Ho dato un occhio sul forum ma non ho trovato nulla a riguardo e in giro non ho mai letto di tali programmi... Mi domandavo come fanno alcuni aparecchi router hardware a fare un filtro antivirus direttamente sul gateway prima che il flusso dati arrivi ai client ... E' possibile farlo con linux ?

----------

## xchris

devi lavorare a livello di applicazione.

Quindi con un proxy accoppiato ad un filtro: (ad es per il web)

squid

squidguard

oppure ma non e' molto praticabile attraverso iptables string.

(va bene quando vuoi bloccare una particolare e ben nota stringa)

ciao

----------

## dboogieman

Ciao queste soluzioni di antivirus gateway (cosi li definiscono) solitamente funzionano cosi:

-disponendo il gateway di un IP pubblico, lo stesso viene dichiarato a DNS come MX primario del dominio che si deve depuare, prima di consegnare la posta al reale mail server.

-cosi facendo la posta spedita al MX ed in giacenza sul MX, viene depurata dal daemon responsabile.

-la stessa macchina depuratrice poi, mediante SMTP spedisci i messaggi depurati al mail server.

-per finire i client fanno POP3 al mail server che dovrebbe consegnare cosi', posta pulita.

Ho Visto che implementano altri sistemi con logiche differenti, questa e' una di quelle, con Linux io mi sono sempre trovato bene con amavis oppure clamav.

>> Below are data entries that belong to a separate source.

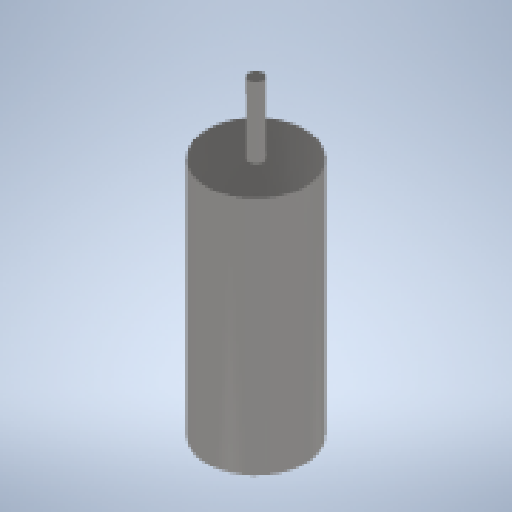
# Autodesk Inventor part: motor
Saved by Autodesk Inventor 2023.1 (Build 271208000, 208)
## iProperties
Created: 2023-05-03
Part Number: motor
Material: Steel
Document SubType Name: Modeling
Designer: felip
Density: 7.85 g/cm^3
Appearance: Steel - Polished
Author: felip
Autodesk Inventor part; units mm, degrees
ref_plane "YZ Plane" through (0, 0, 0) normal (1, 0, 0) x (0, 1, 0)
ref_plane "XZ Plane" through (0, 0, 0) normal (0, 1, 0) x (-1, 0, 0)
ref_plane "XY Plane" through (0, 0, 0) normal (0, 0, 1) x (1, 0, 0)
sketch "Sketch1" plane through (0, 0, 0) normal (0, 1, 0) x (-1, 0, 0)
  circle A0 centre (0, 0) radius 3.5
  dimension "d0" = 7
  constraints: 1 centre point, 1 coincident
  measures "d0" diameter of A0
extrude "Extrusion1" add sketch "Sketch1" along normal blind 17
sketch "Sketch2" plane through (0, 17, 0) normal (0, 1, 0) x (1, 0, 0)
  circle A0 centre (0, 0) radius 0.5
  dimension "d3" = 1
  constraints: 1 centre point, 1 coincident
  measures "d3" diameter of A0
extrude "Extrusion2" add sketch "Sketch2" along normal blind 5
sketch "Sketch3" plane through (0, 22, 0) normal (0, 1, 0) x (1, 0, 0)
  circle A0 centre (0, 0) radius 0.5 projected
  line L0 (-0.0995, 0.49) -> (0.0995, 0.49)
  circle A1 centre (0, 0) radius 0.5 projected
  line L1 (0.4999, 0.0075) -> (0.4999, 0.0075)
  line L2 (0.49, 0.0995) -> (0.49, -0.0995)
  dimension "d8" = 0.49
  dimension "d9" = 0.49
  constraints: 6 end point, 6 point on circle, 1 horizontal, 1 tangent, 1 vertical
  measures "d8" distance from line of point (0, 0) L2
  measures "d9" distance from line of L0 point (0, 0)
extrude "Extrusion3" cut sketch "Sketch3" against normal blind 0.1 contours A0 L2 | L0 A0
body "Solid1"
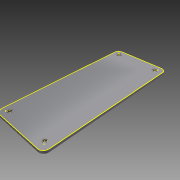
# Autodesk Inventor part: Box_Bottom_Plate
Saved by Autodesk Inventor 2016 (Build 200138000, 138)
## iProperties
Created: 2015-06-03
Part Number: Box_Bottom_Plate
Material: Aluminum 6061
Document SubType Name: Modeling
Designer: Yann
Density: 2.7 g/cm^3
Appearance: Aluminum - Flat
Author: Yann
Autodesk Inventor part; units mm, degrees
ref_plane "YZ Plane" through (0, 0, 0) normal (1, 0, 0) x (0, 1, 0)
ref_plane "XZ Plane" through (0, 0, 0) normal (0, 1, 0) x (-1, 0, 0)
ref_plane "XY Plane" through (0, 0, 0) normal (0, 0, 1) x (1, 0, 0)
sketch "Sketch1" plane through (0, 0, 0) normal (0, 0, 1) x (1, 0, 0)
  arc A0 (22.5, -67.5) -> (27.5, -62.5) centre (22.5, -62.5) ccw projected
  line L0 (27.5, 62.5) -> (27.5, -62.5) projected
  arc A1 (27.5, 62.5) -> (22.5, 67.5) centre (22.5, 62.5) ccw projected
  line L1 (-22.5, 67.5) -> (22.5, 67.5) projected
  arc A2 (-22.5, 67.5) -> (-27.5, 62.5) centre (-22.5, 62.5) ccw projected
  line L2 (-27.5, -62.5) -> (-27.5, 62.5) projected
  arc A3 (-27.5, -62.5) -> (-22.5, -67.5) centre (-22.5, -62.5) ccw projected
  line L3 (22.5, -67.5) -> (-22.5, -67.5) projected
  circle A4 centre (20.5, -60.5) radius 1.5 construction
  circle A5 centre (20.5, 60.5) radius 1.5 construction
  circle A6 centre (-20.5, 60.5) radius 1.5 construction
  circle A7 centre (-20.5, -60.5) radius 1.5 construction
  constraints: 4 coincident
extrude "Extrusion1" add sketch "Sketch1" against normal blind 3
sketch "Sketch4" plane through (0, 0, -3) normal (0, 0, -1) x (-1, 0, 0)
  point P0 (0, 0)
  point P1 (20.5, -60.5)
  point P2 (-20.5, -60.5)
  point P3 (20.5, 60.5)
  point P4 (-20.5, 60.5)
hole "Hole1" at (-20.5, -60.5, -3) at (20.5, -60.5, -3) at (-20.5, 60.5, -3) at (20.5, 60.5, -3) direction (0, 0, 1) diameter 3 end through all countersink diameter 6.2 countersink angle 90
equation "\"d3\" = Plate_thickness"
equation "\"Plate_thickness\" = 3"
equation "\"Top_Plate_Bottom_to_PowerPcb_Bottom\" = 2.7"
body "Solid1"
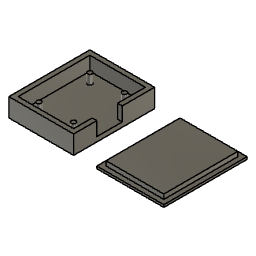
Wired sensor box (Autodesk Fusion 360 design; units mm, degrees)
Autodesk Fusion 360 part; units mm, degrees
sketch "Sketch1" plane through (0, 0, 0) normal (0, 0, 1) x (1, 0, 0)
  line L0 (-28, 35) -> (0, 35)
  line L1 (0, 35) -> (0, 0)
  line L2 (0, 0) -> (-28, 0)
  line L3 (-28, 0) -> (-28, 35)
  circle A0 centre (-21.5, 28.5) radius 1
  circle A1 centre (-6.5, 28.5) radius 1
  circle A2 centre (-21.5, 6.5) radius 1
  circle A3 centre (-6.5, 6.5) radius 1
  line L4 (-32, 28.5) -> (12, 28.5) construction
  line L5 (-6.5, 33) -> (-6.5, -2) construction
  line L6 (-28, 6.5) -> (6, 6.5) construction
  line L7 (-21.5, 33) -> (-21.5, -2) construction
  line L8 (-26, 33) -> (-2, 33)
  line L9 (-2, 33) -> (-2, 2)
  line L10 (-2, 2) -> (-26, 2)
  line L11 (-26, 2) -> (-26, 33)
  point P0 (-21.5, 25)
  dimension "d1" = 35
  dimension "d2" = 28
  dimension "d3" = 2
  dimension "d4" = 15
  dimension "d5" = 22
  dimension "d7" = 6.5
  dimension "d8" = 6.5
  dimension "d13" = 2
  dimension "d14" = 2
  dimension "d15" = 2
  dimension "d16" = 2
  constraint horizontal L0
  constraint vertical L1
  constraint horizontal L2
  constraint vertical L3
  constraint coincident L1.end L2.start
  constraint equal A1 A3
  constraint equal A0 A2
  constraint equal A2 A3
  constraint horizontal L4
  constraint perpendicular L2 L5
  constraint perpendicular L1 L6
  constraint perpendicular L0 L7
  constraint coincident A1.centre L5
  constraint coincident P0 L7
  constraint coincident A0.centre L4
  constraint coincident A0.centre L7
  constraint coincident A2.centre L6
  constraint coincident A2.centre L7
  constraint coincident A3.centre L5
  constraint coincident A3.centre L6
  constraint coincident A1.centre L4
  constraint horizontal L8
  constraint vertical L9
  constraint horizontal L10
  constraint vertical L11
  measures "d1" distance of L0.end L1.end
  measures "d2" distance of L0.start L0.end
  measures "d3" diameter of A0
  measures "d4" distance of L5 L7
  measures "d5" distance of L4 L6
  measures "d7" distance of L0 L4
  measures "d8" distance of L3 L7
  measures "d13" distance of L1 L9
  measures "d14" distance of L0 L8
  measures "d15" distance of L2 L10
  measures "d16" distance of L3 L11
extrude "Extrude1" add sketch "Sketch1" along normal blind 2 contours L0 L1 L2 L3 | L8 L9 L10 L11 makes body 1
extrude "Extrude2" add sketch "Sketch1" along normal blind 6 contours A0 | A1 | A2 | A3 bodies 1
extrude "Extrude3" cut sketch "Sketch1" along normal blind 8 contours L0 L1 L2 L3 bodies 1
extrude "Extrude4" add sketch "Sketch1" along normal blind 8 contours L0 L1 L2 L3 bodies 1
sketch "Sketch3" plane through (0, 0, 0) normal (0, 0, 1) x (1, 0, 0)
  line L0 (10, 36) -> (39, 36)
  line L1 (39, 36) -> (39, 0)
  line L2 (39, 0) -> (10, 0)
  line L3 (10, 0) -> (10, 36)
  line L4 (12, 34) -> (37, 34)
  line L5 (37, 34) -> (37, 2)
  line L6 (37, 2) -> (12, 2)
  line L7 (12, 2) -> (12, 34)
  line L8 (-40, 0) -> (50, 0) construction
  point P0 (-28, 0)
  dimension "d21" = 29
  dimension "d22" = 36
  dimension "d23" = 2
  dimension "d24" = 2
  dimension "d25" = 2
  dimension "d26" = 2
  constraint horizontal L0
  constraint vertical L1
  constraint horizontal L2
  constraint vertical L3
  constraint horizontal L4
  constraint vertical L5
  constraint horizontal L6
  constraint vertical L7
  constraint perpendicular L5 L8
  constraint coincident L8 P0
  constraint coincident L2.end L8
  measures "d21" distance of L0.start L0.end
  measures "d22" distance of L0.end L1.end
  measures "d23" distance of L0 L4
  measures "d24" distance of L1 L5
  measures "d25" distance of L2 L6
  measures "d26" distance of L3 L7
extrude "Extrude5" add sketch "Sketch3" along normal blind 1 separate body makes body 2
extrude "Extrude6" add sketch "Sketch3" along normal blind 3 contours L4 L5 L6 L7 bodies 2
sketch "Sketch4" plane through (0, 0, 0) normal (1, 0, 0) x (0, 1, 0)
  line L0 (0, 0) -> (35, 0)
  line L1 (35, 0) -> (35, 8)
  line L2 (35, 8) -> (0, 8)
  line L3 (0, 8) -> (0, 0)
  line L4 (10, 8) -> (21, 8)
  line L5 (21, 8) -> (21, 2)
  line L6 (21, 2) -> (10, 2)
  line L7 (10, 2) -> (10, 8)
  dimension "d31" = 6
  dimension "d32" = 11
  dimension "d33" = 10
  constraint horizontal L4
  constraint vertical L5
  constraint horizontal L6
  constraint vertical L7
  constraint coincident L2 L4.start
  measures "d31" distance of L4.start L6.end
  measures "d32" distance of L5.end L6.end
  measures "d33" distance of L3 L7
extrude "Extrude7" cut sketch "Sketch4" against normal blind 3 contours L2 L4 L5 L6 L7 bodies 1
equation "d7 = ( d1 - d5 ) / 2"
equation "d8 = ( d2 - d4 ) / 2"
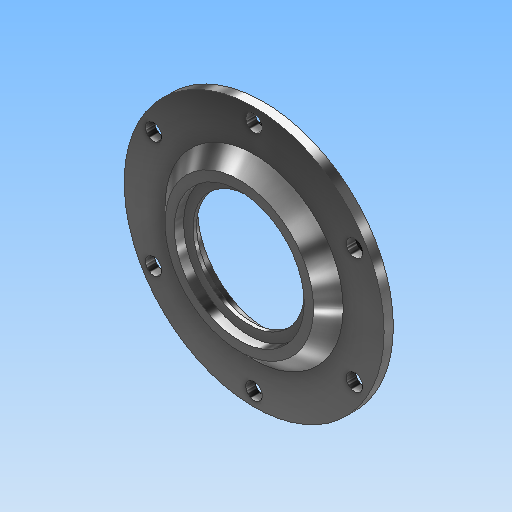
# Autodesk Inventor part: 7055-192 PART1
Saved by Autodesk Inventor 2020.1 (Build 241239000, 239)
## iProperties
Created: 2001-03-07
Part Number: 7055-192 PART1
Document SubType Name: Modeling
Designer: Joe M
Material: Steel, Mild
Engineer: Joe M
Density: 7.86 g/cm^3
Appearance: Chrome - Polished
Control State: 0
Master: False
Checked Out: False
Shininess: 20.0
Length Units: 11269
Angle Units: 11279
Time Units: 11290
Mass Units: 11283
Length Display Precision: 3
Angle Display Precision: 2
Compacted: True
Density: 0.0
Volumn: 0.0
Area: 0.0
PropertySet Name: Model Information
Author: Joe M
Autodesk Inventor part; units mm, degrees
ref_plane "YZ Plane" through (0, 0, 0) normal (1, 0, 0) x (0, 1, 0)
ref_plane "XZ Plane" through (0, 0, 0) normal (0, 1, 0) x (-1, 0, 0)
ref_plane "XY Plane" through (0, 0, 0) normal (0, 0, 1) x (1, 0, 0)
sketch "Sketch1" plane through (-195.9052, -159.4976, -9) normal (0, 0, 1) x (1, 0, 0)
  circle A0 centre (195.9052, 159.4976) radius 70
  dimension "d29" = 140
  constraints: 1 centre point, 1 other
  measures "d29" diameter of A0
extrude "ExtrusionBlind1" add sketch "Sketch1" along normal blind 18
sketch "Sketch2" plane through (-195.9052, -159.4976, -9) normal (0, 0, 1) x (1, 0, 0)
  circle A0 centre (195.9052, 159.4976) radius 55
  circle A1 centre (195.9052, 159.4976) radius 83.1126
  circle A2 centre (195.9052, 159.4976) radius 70 projected
  dimension "d30" = 166.2252
  dimension "d31" = 110
  constraints: 2 centre point, 1 coincident, 1 concentric
  measures "d30" diameter of A1
  measures "d31" diameter of A0
extrude "ExtrusionBlind2" cut sketch "Sketch2" along normal blind 5 contours A1 | A2
sketch "Sketch3" plane through (-195.9052, -159.4976, -9) normal (0, 0, 1) x (1, 0, 0)
  circle A0 centre (195.9052, 159.4976) radius 30
  circle A1 centre (195.9052, 159.4976) radius 55 projected
  dimension "d32" = 60
  constraints: 1 centre point, 1 concentric
  measures "d32" diameter of A0
extrude "ExtrusionThru1" cut sketch "Sketch3" along normal through all contours A0
sketch "Sketch4" plane through (-195.9052, -159.4976, -9) normal (0, 0, 1) x (1, 0, 0)
  circle A0 centre (195.9052, 159.4976) radius 37.5
  circle A1 centre (195.9052, 159.4976) radius 55 projected
  dimension "d33" = 75
  constraints: 1 centre point, 1 concentric
  measures "d33" diameter of A0
extrude "ExtrusionBlind3" cut sketch "Sketch4" along normal blind 11 contours A0
sketch "Sketch5" plane through (-195.9052, -159.4976, -9) normal (0, 0, 1) x (1, 0, 0)
  circle A0 centre (195.9052, 159.4976) radius 47.5
  circle A1 centre (195.9052, 159.4976) radius 55 projected
  dimension "d34" = 95
  constraints: 1 centre point, 1 concentric
  measures "d34" diameter of A0
extrude "ExtrusionBlind4" cut sketch "Sketch5" along normal blind 3 contours A0
sketch "Sketch6" plane through (0, 0, -4) normal (0, 0, -1) x (-1, 0, 0)
  point P0 (0, -62.5)
hole "Hole1" at (0, -62.5, -4) direction (0, 0, 1) diameter 9 end through all
pattern_circular "PolarArray1" count 6 over 360 about axis through (0, 0, -9) along (0, 0, -1) of "Hole1"
sketch "Sketch9" plane through (0, 0, 9) normal (0, 0, 1) x (1, 0, 0)
  circle A0 centre (0, 0) radius 35
  circle A1 centre (0, 0) radius 47.5 projected
  dimension "d35" = 70
  constraints: 3 other
  measures "d35" diameter of A0
extrude "ExtrusionBlind5" cut sketch "Sketch9" against normal blind 5 contours A0
sketch "Sketch10" plane through (0, 0, 9) normal (0, 0, 1) x (1, 0, 0)
  circle A0 centre (0, 0) radius 48
  circle A1 centre (0, 0) radius 87.5498
  circle A2 centre (0, 0) radius 55 projected
  dimension "d36" = 175.0996
  dimension "d37" = 96
  constraints: 5 other
  measures "d36" diameter of A1
  measures "d37" diameter of A0
extrude "ExtrusionBlind6" cut sketch "Sketch10" against normal blind 8 contours A1 | A2
chamfer "Chamfer1" distance 8 angle 45 1 edges at (-48, 0, 9)
body "Solid1"

Spero possa esserti utile.

Ciao

dboogieman

----------

## FonderiaDigitale

porta 80 ->> iptables REDIRECT porta arbitraria (es. 81) --> tproxy/transproxy (ovvero un transparent proxy) --> porta 8080 DansGuardian  + antivirus patch ---> porta 3128 Squid che ritorna la pagina pulita coi risultati

cosi i client non si accorgono neanche che c'e' un proxy ( a parte il delay del tempo necessario a processare le richieste.. ma dipende dall'hardware, specie del disco fisso)

----------

## federico

 *FonderiaDigitale wrote:*   

> porta 80 ->> iptables REDIRECT porta arbitraria (es. 81) --> tproxy/transproxy (ovvero un transparent proxy) --> porta 8080 DansGuardian  + antivirus patch ---> porta 3128 Squid che ritorna la pagina pulita coi risultati
> 
> cosi i client non si accorgono neanche che c'e' un proxy ( a parte il delay del tempo necessario a processare le richieste.. ma dipende dall'hardware, specie del disco fisso)

 

In entrata da internet verso la rete devo mettere quindi che tutto il traffico passa sulla 81 sulla quale c'e' un proxy trasparente che ridirige a sua volta sulla 8080 (a sto punto non potevo ridirigere direttamente sulla 8080 saltando la 81?) e poi sulla 8080 c'e' sto DansGuard e antivirus che spara i risultati sulla 3128 dove c'e' squid immagino.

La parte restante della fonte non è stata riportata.